Local E. coli Patients Recovering
RICHLAND, Wash. - The two Tri-Cities patients suffering with E. coli bacteria are now on the way to a complete recovery.
One of the patients attends an elementary school in Richland.
Last week an outbreak of spinach contaminated with E. coli hit the country, so far 131 people have gotten sick. Two in the Tri-Cities. One, an elderly Richland woman, the other, a third grader at Marcus Whitman Elementary.
School officials said the boy got sick from spinach he ate at home, but just to be safe the district sent out letters to warn parents.
"Whenever something unusual comes up with a school we like to be up front with parents. We let them know what's going on, communicate any information we think would be helpful for them to have at home," said Steve Agaard, Richland School District.

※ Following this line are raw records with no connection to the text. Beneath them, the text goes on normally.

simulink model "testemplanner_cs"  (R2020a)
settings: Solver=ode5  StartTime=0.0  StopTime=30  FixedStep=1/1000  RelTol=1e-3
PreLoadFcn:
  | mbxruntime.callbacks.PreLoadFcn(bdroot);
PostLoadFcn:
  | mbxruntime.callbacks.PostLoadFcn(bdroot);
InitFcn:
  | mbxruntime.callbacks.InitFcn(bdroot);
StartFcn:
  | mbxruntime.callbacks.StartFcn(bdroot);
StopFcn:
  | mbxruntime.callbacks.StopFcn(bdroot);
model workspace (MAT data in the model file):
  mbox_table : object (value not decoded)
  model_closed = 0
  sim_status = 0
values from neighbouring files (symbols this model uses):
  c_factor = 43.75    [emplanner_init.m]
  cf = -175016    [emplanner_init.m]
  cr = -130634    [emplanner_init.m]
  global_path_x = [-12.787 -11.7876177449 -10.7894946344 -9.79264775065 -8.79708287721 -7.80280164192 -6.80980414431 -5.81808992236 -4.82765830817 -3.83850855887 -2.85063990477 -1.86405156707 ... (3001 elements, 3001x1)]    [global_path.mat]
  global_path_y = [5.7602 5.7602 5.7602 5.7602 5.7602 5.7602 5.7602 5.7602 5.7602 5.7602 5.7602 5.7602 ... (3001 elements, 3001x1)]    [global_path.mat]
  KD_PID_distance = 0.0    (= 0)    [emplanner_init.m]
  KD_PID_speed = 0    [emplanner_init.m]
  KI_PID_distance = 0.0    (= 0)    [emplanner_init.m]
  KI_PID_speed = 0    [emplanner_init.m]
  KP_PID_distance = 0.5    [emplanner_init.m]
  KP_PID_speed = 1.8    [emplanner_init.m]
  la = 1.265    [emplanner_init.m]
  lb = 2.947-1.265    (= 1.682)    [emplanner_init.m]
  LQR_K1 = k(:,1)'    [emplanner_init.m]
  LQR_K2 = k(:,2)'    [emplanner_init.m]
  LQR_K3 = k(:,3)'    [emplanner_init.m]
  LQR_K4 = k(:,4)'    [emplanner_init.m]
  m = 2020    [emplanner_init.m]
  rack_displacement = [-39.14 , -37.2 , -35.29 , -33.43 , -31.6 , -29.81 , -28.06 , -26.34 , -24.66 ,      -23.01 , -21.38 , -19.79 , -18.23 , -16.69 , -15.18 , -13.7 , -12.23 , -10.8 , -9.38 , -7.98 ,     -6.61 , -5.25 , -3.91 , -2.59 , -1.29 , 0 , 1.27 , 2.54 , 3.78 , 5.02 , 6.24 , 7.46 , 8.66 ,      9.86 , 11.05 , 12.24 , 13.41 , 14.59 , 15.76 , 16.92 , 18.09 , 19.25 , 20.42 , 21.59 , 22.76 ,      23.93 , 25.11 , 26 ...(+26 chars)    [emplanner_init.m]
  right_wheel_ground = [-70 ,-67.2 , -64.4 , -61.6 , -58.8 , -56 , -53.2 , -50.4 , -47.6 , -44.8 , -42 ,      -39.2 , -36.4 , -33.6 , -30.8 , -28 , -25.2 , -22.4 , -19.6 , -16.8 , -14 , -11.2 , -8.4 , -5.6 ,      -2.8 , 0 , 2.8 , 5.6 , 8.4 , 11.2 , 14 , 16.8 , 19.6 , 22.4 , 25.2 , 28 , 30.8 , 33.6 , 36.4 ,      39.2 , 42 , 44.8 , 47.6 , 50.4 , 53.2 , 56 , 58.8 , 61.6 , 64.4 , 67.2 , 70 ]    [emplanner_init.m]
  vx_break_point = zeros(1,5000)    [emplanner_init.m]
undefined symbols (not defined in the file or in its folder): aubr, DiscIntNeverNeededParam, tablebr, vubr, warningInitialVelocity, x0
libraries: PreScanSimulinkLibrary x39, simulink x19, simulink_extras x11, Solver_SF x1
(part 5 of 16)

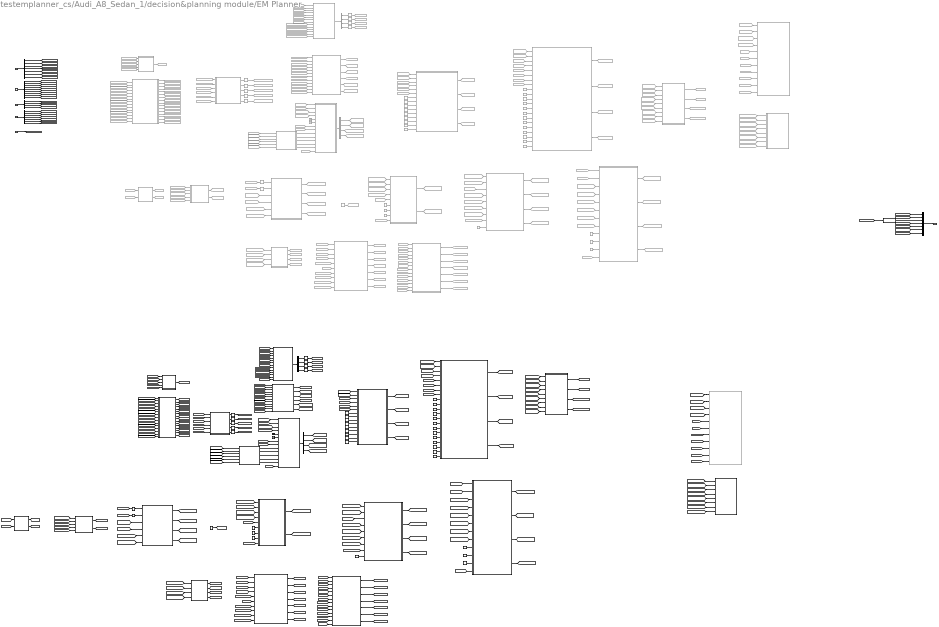
== system testemplanner_cs/Audi_A8_Sedan_1/decision&planning module/EM Planner ==
  referenceline info : Inport
  location info : Inport  Port=2
  perception info : Inport  Port=3
  pre_planning info : Inport  Port=4
  current time : Inport  Port=5
  Bus Creator : BusCreator  Inputs=7
  Bus Selector : BusSelector  OutputSignals=referenceline_x,referenceline_y,referenceline_heading,referenceline_kappa,origin_match_point_index,origin_x,origin_y
  Bus Selector1 : BusSelector  OutputSignals=host_x,host_y,host_heading_xy,host_vx,host_vy,host_yawrate,host_speed,host_ax,host_ay
  Bus Selector2 : BusSelector  OutputSignals=obs_x_set_gcs,obs_y_set_gcs,obs_velocity_set_gcs,obs_heading_set_gcs
  Bus Selector3 : BusSelector  OutputSignals=trajectory_x_gcs,trajectory_y_gcs,trajectory_heading_gcs,trajectory_kappa_gcs,trajectory_speed_gcs,trajectory_accel_gcs,trajectory_time_gcs
  Bus Selector4 : BusSelector  Commented=on  OutputSignals=s_set,l_set,dl_set,ddl_set
  Bus Selector5 : BusSelector  Commented=on  OutputSignals=s_set,l_set,s_dot_set,l_dot_set
  Bus Selector6 : BusSelector  OutputSignals=s_set,l_set,dl_set,ddl_set
  Bus Selector7 : BusSelector  OutputSignals=s_set,l_set,s_dot_set,l_dot_set
  Cartesian2Frenet : Subsystem  Commented=on
  Cartesian2Frenet1 : Subsystem  Commented=on
  Cartesian2Frenet2 : Subsystem
  Cartesian2Frenet3 : Subsystem
  Constant : Constant  Commented=on  Value=1e6
  Constant1 : Constant  Commented=on  Value=2000
  Constant10 : Constant  Commented=on  Value=0.1
  Constant11 : Constant  Commented=on  Value=0.02
  Constant12 : Constant  Commented=on  Value=2
  Constant13 : Constant  Commented=on  Value=25000
  Constant14 : Constant  Commented=on  Value=50
  Constant15 : Constant  Commented=on  Value=20
  Constant{7,16..19,23} (6 alike) : Constant  Commented=on  Value=15
  Constant2 : Constant  Commented=on  Value=2
  Constant20 : Constant  Commented=on  Value=3
  Constant21 : Constant  Commented=on  Value=3
  Constant22 : Constant  Commented=on  Value=1.63
  Constant24 : Constant  Commented=on  Value=4000
  Constant25 : Constant  Commented=on  Value=100
  Constant26 : Constant  Commented=on  Value=10000000
  Constant27 : Constant  Commented=on  Value=0.2*9.8
  Constant28 : Constant  Commented=on  Value=50
  Constant29 : Constant  Commented=on  Value=500
  Constant3 : Constant  Commented=on  Value=3
  Constant30 : Constant  Value=1e6
  Constant31 : Constant  Value=2000
  Constant32 : Constant  Value=0.1
  Constant33 : Constant  Value=0.02
  Constant34 : Constant  Value=2
  Constant35 : Constant  Value=25000
  Constant36 : Constant  Value=50
  Constant37 : Constant  Value=20
  Constant{38..41,46,57} (6 alike) : Constant  Value=15
  Constant4 : Constant  Commented=on  Value=10
  Constant42 : Constant  Value=2
  Constant43 : Constant  Value=3
  Constant44 : Constant  Value=3
  Constant45 : Constant  Value=1.63
  Constant47 : Constant  Value=4000
  Constant48 : Constant  Value=100
  Constant49 : Constant  Value=10000000
  Constant5 : Constant  Commented=on  Value=11
  Constant50 : Constant  Value=0.2*9.8
  Constant51 : Constant  Value=50
  Constant52 : Constant  Value=500
  Constant53 : Constant  Value=3
  Constant54 : Constant  Value=10
  Constant55 : Constant  Value=11
  Constant56 : Constant  Value=4
  Constant58 : Constant
  Constant59 : Constant  Value=10
  Constant6 : Constant  Commented=on  Value=4
  Constant8 : Constant  Commented=on
  Constant9 : Constant  Commented=on  Value=10
  Delay : Delay  Commented=on  DelayLength=1
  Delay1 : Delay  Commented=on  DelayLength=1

Some parents who received the letter said they have faith the district will do what it takes to protect their children.
"I don't think that anyone needs to get crazy and keep their child home for a month," said Sara Gonzales, Parent.
Officials from the Benton Franklin Health Department agree. They said the boy who ate the spinach now shows no signs of symptoms and the elderly woman is recovering nicely. If parents are still concerned, Dr. Larry Jecha advises they look out for several symptoms.
"They can be a mild cramping, mild diaherra to severe cramping and severe diaherra to bloody diaherra and that distinguishes E. coli 157, it usually has bloody diaherra," said Dr. Larry Jecha, Benton Franklin Health Department.
Jecha said any parent whose children has eaten spinach in the last ten days and shows symptoms should see a doctor.
Dr. Jecha also said although E. coli bacteria is very contagious it's highly unlikely any more students from Marcus Whitman will get sick.